From the data below, return all lines holding the string "ezdxf".

***** EXERCISE MATERIAL

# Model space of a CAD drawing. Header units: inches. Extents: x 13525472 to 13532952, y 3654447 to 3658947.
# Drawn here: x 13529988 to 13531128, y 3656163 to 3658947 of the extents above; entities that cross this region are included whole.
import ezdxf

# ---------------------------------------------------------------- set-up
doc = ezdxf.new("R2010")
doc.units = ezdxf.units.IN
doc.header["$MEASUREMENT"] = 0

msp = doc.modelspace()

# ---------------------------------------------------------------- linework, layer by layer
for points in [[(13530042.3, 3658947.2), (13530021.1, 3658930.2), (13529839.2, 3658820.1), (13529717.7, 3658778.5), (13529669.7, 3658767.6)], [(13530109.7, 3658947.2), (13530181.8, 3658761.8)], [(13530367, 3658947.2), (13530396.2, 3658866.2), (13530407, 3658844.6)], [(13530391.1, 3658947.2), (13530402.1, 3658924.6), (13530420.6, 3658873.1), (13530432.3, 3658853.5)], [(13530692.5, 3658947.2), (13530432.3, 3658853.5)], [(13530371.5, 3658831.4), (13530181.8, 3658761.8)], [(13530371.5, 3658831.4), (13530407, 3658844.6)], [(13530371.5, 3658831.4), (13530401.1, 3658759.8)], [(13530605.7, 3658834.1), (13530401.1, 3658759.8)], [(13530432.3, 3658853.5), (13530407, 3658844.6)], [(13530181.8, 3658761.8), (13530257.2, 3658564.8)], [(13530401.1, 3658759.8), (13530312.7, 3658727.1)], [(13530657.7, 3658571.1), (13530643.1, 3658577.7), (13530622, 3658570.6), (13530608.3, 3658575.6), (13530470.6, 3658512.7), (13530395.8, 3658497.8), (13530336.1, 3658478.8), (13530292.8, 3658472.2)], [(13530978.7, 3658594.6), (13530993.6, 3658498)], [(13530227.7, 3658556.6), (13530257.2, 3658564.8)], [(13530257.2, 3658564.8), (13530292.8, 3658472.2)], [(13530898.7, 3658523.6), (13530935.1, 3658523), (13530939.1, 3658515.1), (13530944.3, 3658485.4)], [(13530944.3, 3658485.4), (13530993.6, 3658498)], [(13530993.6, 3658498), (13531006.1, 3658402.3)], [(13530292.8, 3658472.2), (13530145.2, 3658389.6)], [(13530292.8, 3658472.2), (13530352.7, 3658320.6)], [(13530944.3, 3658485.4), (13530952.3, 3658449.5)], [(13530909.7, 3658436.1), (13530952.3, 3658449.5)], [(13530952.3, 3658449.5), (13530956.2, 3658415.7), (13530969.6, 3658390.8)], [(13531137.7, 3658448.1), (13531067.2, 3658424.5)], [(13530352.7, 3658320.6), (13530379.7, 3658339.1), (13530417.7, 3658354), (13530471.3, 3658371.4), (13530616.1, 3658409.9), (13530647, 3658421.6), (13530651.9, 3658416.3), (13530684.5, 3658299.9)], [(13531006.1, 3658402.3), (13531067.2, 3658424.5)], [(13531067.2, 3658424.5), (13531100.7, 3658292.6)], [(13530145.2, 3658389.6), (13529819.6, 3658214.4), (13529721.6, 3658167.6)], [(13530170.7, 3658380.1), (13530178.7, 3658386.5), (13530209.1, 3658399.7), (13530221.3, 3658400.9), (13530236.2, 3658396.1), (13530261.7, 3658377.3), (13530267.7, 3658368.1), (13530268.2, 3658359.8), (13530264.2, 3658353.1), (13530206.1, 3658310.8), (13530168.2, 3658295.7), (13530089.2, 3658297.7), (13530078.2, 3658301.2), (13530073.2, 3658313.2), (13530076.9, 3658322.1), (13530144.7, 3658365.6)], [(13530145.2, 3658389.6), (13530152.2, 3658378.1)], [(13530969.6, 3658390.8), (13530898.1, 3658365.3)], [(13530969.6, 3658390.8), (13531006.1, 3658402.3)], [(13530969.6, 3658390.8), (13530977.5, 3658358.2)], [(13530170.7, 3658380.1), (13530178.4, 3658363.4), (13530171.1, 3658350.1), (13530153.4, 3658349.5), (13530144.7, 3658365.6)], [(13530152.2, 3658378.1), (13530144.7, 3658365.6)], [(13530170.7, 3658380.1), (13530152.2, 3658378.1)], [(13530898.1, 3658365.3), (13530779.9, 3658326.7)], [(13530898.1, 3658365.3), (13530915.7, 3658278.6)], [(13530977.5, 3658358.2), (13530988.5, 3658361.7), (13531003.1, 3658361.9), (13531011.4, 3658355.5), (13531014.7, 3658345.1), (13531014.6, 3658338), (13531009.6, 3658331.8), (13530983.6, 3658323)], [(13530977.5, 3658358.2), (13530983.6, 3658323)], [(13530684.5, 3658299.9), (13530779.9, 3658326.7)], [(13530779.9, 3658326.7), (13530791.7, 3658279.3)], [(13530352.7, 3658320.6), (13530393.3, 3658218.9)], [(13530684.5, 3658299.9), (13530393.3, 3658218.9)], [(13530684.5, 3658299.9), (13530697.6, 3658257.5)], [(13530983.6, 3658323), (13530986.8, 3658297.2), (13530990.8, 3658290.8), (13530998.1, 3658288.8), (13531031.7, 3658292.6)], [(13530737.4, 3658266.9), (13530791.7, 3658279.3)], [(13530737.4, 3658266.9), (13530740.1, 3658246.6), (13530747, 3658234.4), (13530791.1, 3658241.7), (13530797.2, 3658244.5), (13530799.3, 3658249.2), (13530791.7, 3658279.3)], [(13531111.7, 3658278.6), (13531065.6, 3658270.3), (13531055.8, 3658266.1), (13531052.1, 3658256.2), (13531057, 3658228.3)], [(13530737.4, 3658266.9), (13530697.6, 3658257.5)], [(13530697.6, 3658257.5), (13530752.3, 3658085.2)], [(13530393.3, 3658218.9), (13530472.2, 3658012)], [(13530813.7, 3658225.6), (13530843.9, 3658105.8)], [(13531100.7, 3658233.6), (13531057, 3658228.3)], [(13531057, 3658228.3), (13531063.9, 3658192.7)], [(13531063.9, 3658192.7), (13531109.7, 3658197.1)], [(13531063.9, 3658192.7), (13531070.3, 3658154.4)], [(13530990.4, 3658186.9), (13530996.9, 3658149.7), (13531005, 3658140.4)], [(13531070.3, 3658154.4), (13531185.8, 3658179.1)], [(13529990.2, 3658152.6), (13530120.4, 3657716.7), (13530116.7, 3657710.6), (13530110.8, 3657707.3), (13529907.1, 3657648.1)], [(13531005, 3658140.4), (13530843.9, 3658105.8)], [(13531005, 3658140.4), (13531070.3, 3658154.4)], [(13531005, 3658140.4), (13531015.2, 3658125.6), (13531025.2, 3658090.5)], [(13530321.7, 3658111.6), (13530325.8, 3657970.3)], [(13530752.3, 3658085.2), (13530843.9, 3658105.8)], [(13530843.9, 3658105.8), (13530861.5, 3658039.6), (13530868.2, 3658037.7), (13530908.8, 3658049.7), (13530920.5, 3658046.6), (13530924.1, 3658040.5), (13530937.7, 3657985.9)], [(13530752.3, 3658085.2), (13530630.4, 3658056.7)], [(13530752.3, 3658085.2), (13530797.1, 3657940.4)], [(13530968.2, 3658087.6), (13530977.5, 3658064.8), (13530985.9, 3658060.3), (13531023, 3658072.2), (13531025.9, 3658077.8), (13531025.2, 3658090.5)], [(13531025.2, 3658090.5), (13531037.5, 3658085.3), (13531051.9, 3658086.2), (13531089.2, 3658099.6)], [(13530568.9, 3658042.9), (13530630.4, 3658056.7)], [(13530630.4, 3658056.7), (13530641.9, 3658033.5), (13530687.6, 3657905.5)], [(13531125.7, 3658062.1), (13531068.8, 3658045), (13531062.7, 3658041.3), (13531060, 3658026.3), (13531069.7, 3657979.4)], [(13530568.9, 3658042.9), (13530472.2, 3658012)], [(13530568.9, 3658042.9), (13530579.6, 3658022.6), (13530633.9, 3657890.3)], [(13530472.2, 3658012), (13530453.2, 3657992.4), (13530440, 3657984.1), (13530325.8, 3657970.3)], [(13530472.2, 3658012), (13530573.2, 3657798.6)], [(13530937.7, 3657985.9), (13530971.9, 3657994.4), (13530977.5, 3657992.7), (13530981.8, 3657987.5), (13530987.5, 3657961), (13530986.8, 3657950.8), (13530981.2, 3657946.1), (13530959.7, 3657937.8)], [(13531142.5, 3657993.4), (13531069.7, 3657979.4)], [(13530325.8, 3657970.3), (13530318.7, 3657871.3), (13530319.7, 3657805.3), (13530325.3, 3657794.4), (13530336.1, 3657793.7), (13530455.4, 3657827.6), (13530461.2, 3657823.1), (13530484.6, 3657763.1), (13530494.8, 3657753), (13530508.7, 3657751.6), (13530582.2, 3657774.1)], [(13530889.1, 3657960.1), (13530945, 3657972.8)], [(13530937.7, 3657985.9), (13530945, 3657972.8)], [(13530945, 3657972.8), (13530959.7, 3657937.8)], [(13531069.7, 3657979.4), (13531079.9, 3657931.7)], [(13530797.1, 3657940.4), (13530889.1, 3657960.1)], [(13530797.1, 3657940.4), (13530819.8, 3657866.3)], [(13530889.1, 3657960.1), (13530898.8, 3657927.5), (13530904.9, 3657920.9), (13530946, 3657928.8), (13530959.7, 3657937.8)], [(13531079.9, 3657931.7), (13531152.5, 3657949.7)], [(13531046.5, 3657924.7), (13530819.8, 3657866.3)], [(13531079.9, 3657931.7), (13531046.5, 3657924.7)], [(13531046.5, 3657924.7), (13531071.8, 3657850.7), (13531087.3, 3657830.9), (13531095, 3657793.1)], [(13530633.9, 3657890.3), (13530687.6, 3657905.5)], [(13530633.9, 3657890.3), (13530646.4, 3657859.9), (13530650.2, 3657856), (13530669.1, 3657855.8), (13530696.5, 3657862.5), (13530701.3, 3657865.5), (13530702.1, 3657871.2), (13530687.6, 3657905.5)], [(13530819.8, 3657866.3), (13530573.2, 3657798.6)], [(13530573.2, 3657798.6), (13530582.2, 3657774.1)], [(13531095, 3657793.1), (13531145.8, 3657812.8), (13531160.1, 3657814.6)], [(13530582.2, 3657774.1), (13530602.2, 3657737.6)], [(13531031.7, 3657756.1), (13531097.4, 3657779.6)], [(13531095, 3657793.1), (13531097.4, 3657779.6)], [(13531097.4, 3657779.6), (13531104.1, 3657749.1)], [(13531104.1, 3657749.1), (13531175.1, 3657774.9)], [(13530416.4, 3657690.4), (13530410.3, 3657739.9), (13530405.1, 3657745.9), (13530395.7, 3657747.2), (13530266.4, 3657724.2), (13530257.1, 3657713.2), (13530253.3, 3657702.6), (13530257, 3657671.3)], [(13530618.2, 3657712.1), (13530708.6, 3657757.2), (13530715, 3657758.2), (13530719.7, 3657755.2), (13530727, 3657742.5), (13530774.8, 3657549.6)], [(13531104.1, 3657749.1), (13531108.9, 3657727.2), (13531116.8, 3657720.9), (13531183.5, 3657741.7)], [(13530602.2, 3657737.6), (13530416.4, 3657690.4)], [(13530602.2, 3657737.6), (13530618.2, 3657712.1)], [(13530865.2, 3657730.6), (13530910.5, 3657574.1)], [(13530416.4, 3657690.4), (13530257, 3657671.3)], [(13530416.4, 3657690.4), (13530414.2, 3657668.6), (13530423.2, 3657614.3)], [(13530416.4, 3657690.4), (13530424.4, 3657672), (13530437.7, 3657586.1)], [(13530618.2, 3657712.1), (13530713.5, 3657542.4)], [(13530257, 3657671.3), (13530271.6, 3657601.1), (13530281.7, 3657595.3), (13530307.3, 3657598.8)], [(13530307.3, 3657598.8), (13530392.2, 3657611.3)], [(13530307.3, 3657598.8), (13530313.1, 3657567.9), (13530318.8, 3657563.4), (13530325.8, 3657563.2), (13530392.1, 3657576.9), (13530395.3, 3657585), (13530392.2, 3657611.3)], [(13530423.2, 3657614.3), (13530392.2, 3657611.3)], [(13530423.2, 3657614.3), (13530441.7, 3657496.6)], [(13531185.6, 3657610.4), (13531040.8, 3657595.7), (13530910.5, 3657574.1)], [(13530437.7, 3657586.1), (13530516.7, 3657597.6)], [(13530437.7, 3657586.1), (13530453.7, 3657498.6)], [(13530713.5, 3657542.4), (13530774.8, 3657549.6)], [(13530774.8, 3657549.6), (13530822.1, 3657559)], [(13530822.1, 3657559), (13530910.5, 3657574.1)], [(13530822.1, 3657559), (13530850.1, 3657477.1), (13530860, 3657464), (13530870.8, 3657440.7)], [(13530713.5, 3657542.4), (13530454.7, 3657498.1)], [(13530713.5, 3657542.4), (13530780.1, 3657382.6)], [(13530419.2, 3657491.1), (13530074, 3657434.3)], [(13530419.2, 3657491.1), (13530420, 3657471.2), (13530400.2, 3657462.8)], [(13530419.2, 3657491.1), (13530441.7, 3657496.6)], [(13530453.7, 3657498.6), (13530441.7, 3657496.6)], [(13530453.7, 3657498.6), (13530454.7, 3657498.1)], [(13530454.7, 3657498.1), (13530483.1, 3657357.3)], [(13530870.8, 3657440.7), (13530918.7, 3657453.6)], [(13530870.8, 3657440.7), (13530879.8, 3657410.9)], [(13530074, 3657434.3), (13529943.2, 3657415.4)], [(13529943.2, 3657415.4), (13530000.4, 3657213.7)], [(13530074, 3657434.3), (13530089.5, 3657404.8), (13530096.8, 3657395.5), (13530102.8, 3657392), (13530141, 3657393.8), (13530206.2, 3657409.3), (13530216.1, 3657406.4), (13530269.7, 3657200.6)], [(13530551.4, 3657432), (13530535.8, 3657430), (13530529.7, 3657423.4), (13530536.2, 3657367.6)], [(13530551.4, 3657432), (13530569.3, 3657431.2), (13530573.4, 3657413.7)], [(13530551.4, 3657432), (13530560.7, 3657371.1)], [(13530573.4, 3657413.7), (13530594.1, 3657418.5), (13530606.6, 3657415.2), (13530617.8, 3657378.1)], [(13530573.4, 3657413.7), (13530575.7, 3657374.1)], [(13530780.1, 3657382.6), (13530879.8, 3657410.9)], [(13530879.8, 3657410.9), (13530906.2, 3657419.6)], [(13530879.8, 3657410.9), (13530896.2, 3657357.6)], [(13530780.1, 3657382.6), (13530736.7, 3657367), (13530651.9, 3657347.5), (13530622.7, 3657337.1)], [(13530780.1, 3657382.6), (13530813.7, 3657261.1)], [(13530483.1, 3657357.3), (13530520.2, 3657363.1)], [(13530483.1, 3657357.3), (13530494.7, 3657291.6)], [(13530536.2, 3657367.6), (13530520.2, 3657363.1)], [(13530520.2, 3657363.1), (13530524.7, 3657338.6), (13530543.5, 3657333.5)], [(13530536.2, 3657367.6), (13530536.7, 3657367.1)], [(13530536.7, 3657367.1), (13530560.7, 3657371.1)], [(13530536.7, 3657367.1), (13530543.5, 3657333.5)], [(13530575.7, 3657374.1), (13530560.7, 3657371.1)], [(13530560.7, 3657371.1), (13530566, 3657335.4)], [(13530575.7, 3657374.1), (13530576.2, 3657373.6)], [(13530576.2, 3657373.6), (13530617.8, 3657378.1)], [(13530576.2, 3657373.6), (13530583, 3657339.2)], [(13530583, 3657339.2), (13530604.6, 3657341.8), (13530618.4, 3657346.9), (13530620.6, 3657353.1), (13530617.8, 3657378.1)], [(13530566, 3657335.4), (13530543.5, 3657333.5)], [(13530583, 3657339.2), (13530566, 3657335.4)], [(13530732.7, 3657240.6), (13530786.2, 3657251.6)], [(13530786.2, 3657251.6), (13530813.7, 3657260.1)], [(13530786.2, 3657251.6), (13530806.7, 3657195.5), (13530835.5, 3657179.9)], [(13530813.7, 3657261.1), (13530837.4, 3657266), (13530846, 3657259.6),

**********

REPLY TO THE TASK:
import ezdxf
doc = ezdxf.new("R2010")
doc.units = ezdxf.units.IN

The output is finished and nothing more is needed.